Discussion:
Further thoughts on preferred printable representations...
Roy Badami
2003-06-12 20:22:34 UTC
Permalink
[This is a followup to me previous post entitled "On humanly-readable
(printable) e-mail addresses"]

I meant to post this some time ago, but never found the time.

The prefered printable representation[1] of an e-mail address is a
vital concept, as I argue in my previous message. It is what I print
on my business card. It's what appears on advertising hoardings and
trailers for movies.

If I give you my business card, you can type it the address into your
e-mail client, and send a message to me.

When I send you an e-mail message, it's what appears on your display.
You can write this down on a piece of paper, give it to someone else,
and they can type it into their e-mail client to send me a message.

I can include one in the body of a message, and you can cut and paste
it into your e-mail client.

And you can do all this without any knowledge of Internet protocols or
the structure of Internet e-mail addresses; you can simply regard an
e-mail address (in its preferred printable representation) as an
opaque character string that you have to copy verbatim.

What struck me after I wrote my previous message is that it seems to
me that the primary goal of internationalized e-mail addresses is to
internationalize something that is not currently formally defined,
namely the preferred printable representation.

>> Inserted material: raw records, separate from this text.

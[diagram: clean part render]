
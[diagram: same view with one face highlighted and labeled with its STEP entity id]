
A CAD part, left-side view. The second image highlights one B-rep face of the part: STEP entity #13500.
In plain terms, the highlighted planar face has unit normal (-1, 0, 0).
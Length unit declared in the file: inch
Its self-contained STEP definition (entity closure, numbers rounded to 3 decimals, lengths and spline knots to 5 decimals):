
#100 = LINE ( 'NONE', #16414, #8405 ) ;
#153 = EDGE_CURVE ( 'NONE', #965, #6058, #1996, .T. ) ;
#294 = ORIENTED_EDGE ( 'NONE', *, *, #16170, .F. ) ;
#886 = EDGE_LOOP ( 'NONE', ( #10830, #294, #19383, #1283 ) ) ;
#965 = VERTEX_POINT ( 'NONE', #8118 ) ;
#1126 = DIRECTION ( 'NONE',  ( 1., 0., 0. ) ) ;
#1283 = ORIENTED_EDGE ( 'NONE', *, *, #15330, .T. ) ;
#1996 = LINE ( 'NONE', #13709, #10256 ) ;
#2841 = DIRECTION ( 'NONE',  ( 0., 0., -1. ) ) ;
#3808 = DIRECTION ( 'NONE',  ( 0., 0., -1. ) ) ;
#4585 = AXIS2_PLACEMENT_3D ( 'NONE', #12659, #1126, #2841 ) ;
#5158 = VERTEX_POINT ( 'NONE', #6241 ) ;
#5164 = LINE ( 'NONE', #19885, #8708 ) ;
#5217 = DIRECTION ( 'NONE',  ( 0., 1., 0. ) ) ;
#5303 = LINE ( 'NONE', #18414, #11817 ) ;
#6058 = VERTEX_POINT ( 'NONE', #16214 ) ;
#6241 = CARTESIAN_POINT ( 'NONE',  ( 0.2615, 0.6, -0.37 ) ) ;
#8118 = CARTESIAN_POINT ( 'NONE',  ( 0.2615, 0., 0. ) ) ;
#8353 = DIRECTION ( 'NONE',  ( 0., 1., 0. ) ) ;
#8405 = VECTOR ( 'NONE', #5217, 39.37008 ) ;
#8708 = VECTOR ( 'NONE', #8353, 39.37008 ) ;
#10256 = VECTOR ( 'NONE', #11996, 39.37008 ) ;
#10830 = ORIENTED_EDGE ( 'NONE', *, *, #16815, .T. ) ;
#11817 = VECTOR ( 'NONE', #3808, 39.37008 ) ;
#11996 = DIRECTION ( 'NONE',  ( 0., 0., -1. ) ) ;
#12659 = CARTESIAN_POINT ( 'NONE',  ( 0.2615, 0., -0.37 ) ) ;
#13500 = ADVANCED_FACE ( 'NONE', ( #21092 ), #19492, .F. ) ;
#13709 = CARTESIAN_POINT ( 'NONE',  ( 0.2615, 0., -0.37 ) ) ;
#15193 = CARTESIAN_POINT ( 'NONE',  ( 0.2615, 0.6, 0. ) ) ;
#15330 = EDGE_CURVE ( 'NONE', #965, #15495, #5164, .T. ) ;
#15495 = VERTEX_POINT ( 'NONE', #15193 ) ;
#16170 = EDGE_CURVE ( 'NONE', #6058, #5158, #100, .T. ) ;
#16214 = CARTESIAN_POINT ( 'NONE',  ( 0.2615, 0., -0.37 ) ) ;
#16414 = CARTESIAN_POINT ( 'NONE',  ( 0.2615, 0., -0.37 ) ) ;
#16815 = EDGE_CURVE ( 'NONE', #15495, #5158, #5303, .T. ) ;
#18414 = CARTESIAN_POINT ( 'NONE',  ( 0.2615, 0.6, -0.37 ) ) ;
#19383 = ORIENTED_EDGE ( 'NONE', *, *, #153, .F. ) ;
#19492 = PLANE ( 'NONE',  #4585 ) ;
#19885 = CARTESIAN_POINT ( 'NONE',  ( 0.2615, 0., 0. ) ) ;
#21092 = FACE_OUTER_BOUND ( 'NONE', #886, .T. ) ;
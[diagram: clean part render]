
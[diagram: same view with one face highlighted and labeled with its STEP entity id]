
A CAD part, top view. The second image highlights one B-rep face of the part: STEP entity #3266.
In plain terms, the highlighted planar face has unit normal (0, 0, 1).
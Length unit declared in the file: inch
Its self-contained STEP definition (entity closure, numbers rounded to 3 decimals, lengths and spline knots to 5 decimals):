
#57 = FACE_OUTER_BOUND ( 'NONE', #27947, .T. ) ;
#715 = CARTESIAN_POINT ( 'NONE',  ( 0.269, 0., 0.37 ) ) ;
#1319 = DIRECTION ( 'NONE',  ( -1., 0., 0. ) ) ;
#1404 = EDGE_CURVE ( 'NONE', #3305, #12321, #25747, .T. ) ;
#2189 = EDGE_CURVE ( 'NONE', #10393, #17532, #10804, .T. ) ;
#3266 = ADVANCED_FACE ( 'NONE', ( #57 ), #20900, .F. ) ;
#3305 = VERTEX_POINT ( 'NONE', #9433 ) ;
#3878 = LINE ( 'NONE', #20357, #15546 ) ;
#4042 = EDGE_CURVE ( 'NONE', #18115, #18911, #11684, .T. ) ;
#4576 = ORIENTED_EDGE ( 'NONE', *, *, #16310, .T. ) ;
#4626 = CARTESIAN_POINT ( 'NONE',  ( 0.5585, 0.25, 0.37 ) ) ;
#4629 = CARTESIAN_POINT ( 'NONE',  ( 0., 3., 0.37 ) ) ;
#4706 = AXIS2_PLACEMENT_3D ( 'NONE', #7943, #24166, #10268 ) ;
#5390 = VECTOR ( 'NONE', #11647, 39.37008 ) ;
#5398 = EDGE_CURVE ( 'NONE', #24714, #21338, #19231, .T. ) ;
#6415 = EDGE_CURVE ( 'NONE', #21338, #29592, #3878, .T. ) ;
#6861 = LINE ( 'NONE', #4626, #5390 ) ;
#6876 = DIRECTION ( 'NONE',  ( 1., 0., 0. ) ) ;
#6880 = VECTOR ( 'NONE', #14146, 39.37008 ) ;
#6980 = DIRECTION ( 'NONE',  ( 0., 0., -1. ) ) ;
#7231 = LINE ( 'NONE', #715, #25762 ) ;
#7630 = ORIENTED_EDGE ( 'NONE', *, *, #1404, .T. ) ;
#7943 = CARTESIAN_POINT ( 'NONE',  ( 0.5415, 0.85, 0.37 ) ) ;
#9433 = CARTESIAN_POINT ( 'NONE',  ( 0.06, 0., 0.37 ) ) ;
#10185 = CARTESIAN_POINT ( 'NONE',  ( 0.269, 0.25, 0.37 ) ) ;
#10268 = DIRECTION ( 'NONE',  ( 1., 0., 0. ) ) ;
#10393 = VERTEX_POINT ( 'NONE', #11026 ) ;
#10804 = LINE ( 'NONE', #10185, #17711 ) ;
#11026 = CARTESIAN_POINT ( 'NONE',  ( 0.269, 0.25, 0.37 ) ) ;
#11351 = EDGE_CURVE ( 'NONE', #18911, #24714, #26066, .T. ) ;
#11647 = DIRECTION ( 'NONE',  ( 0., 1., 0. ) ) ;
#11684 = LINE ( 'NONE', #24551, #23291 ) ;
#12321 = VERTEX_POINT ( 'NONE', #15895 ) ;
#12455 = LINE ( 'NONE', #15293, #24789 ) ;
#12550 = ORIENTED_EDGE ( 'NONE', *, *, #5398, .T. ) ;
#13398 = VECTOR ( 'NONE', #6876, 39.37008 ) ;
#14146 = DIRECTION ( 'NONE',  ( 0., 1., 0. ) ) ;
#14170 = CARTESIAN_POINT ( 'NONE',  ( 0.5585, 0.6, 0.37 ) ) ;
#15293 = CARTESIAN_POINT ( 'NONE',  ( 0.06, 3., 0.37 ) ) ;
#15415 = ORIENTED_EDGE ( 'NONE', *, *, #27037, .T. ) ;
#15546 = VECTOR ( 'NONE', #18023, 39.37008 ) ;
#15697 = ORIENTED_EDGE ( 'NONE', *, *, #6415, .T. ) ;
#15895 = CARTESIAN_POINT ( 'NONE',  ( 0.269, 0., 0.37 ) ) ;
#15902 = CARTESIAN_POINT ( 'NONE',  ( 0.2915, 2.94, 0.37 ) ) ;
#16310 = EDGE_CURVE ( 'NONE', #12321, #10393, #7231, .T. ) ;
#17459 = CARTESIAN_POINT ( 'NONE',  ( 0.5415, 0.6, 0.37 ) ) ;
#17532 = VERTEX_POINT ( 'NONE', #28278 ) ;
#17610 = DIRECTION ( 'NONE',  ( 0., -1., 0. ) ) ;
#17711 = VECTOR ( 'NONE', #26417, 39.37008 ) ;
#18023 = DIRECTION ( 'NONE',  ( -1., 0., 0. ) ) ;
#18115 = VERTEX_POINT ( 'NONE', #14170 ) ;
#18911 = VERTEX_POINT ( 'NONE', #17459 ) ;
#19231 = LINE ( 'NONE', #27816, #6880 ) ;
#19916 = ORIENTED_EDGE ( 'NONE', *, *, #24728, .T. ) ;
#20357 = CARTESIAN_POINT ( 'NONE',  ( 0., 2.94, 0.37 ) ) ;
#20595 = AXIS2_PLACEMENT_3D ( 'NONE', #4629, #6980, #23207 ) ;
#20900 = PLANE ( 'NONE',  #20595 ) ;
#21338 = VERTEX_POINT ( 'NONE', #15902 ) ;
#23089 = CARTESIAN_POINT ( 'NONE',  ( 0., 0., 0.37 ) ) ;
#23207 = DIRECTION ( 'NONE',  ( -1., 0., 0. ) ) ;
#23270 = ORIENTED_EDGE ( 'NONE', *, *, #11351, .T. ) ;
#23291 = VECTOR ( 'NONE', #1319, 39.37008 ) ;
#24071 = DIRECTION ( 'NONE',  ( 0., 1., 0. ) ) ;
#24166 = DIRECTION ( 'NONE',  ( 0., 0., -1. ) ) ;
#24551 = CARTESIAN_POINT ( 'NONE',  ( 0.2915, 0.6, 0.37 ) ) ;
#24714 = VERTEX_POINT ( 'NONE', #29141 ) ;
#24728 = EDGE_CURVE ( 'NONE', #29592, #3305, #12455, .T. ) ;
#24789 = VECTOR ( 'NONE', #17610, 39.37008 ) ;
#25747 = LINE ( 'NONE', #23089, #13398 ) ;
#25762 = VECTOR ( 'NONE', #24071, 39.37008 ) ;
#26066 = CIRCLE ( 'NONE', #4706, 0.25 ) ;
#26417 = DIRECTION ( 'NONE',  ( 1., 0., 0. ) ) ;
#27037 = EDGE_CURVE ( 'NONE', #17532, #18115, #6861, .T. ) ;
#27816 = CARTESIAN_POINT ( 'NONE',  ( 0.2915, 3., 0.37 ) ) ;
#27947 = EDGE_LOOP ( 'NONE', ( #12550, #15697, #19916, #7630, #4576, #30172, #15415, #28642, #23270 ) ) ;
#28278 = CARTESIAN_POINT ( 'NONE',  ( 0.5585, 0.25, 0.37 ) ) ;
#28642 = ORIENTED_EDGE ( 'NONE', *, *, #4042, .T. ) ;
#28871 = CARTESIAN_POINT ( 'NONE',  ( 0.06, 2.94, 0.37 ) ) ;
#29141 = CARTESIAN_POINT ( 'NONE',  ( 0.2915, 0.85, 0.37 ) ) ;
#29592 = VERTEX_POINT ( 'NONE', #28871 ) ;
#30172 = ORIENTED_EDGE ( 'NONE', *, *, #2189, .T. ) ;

ie the primary goal of internationalization is to enable the same
kinds of interactions (typing an e-mail address from a business card,
writing an e-mail address down on paper) to work for users of
non-roman scripts. Abstract representations and protocol
representations are just by-products of this that a user will never
see.

Far from being just a user-interface issue, for the (non-technical)
end-user, the opaque sequence of printable characters that they have
to copy verbatim is the _only_ thing that matters.

-roy


[1] Yes, it's not a very accurate term. Something like 'canonical
character-sequence serialization' would be better.
D. J. Bernstein
2003-06-12 23:52:42 UTC
Permalink
Post by Roy Badami
The prefered printable representation[1] of an e-mail address is a
vital concept, as I argue in my previous message.
One of the big flaws in IDNA is its failure to recognize this basic fact.
As I wrote in http://cr.yp.to/djbdns/idn.html:

The value of a character-set expansion comes entirely from the
visibility of the additional characters to users. There is no point
in merely expanding the set of bytes allowed inside the computer; the
internationalized domain name {alpha}{beta}{gamma}.com must be
displayed with Greek letters on a typical user's screen.

The same issue arises for any piece of text. There's nothing special
about domain names, or mailbox names, or blah.html, or chat usernames,
or whatever tomorrow's textual identifiers will be.
Post by Roy Badami
It is what I print on my business card.
There's a difference between what should appear on a screen for users
to see, and what should appear in print for users to type. As I wrote
on the idn mailing list two and a half years ago:

Operating systems are all going to support direct input of Unicode
characters by number. The ISO standard method is Shift-Ctrl-222E for
character 222E.

People who put hard-to-recognize characters onto their business cards
are going to add a line giving the Unicode numbers, perhaps in boxes:

***@S.cr.yp.to (with a contour-integral sign)

+----+
postmaster@|222E|.cr.yp.to (in smaller type)
+----+

The second line won't distract the people in the intended audience who
recognize the contour-integral sign and have, say, Alt-S configured to
produce it.

End of problem. Notice that this doesn't require any extra DNS names.
The conversion of Shift-Ctrl-222E to \342\210\256 is isolated inside the
keyboard interface; other software doesn't have to worry about it.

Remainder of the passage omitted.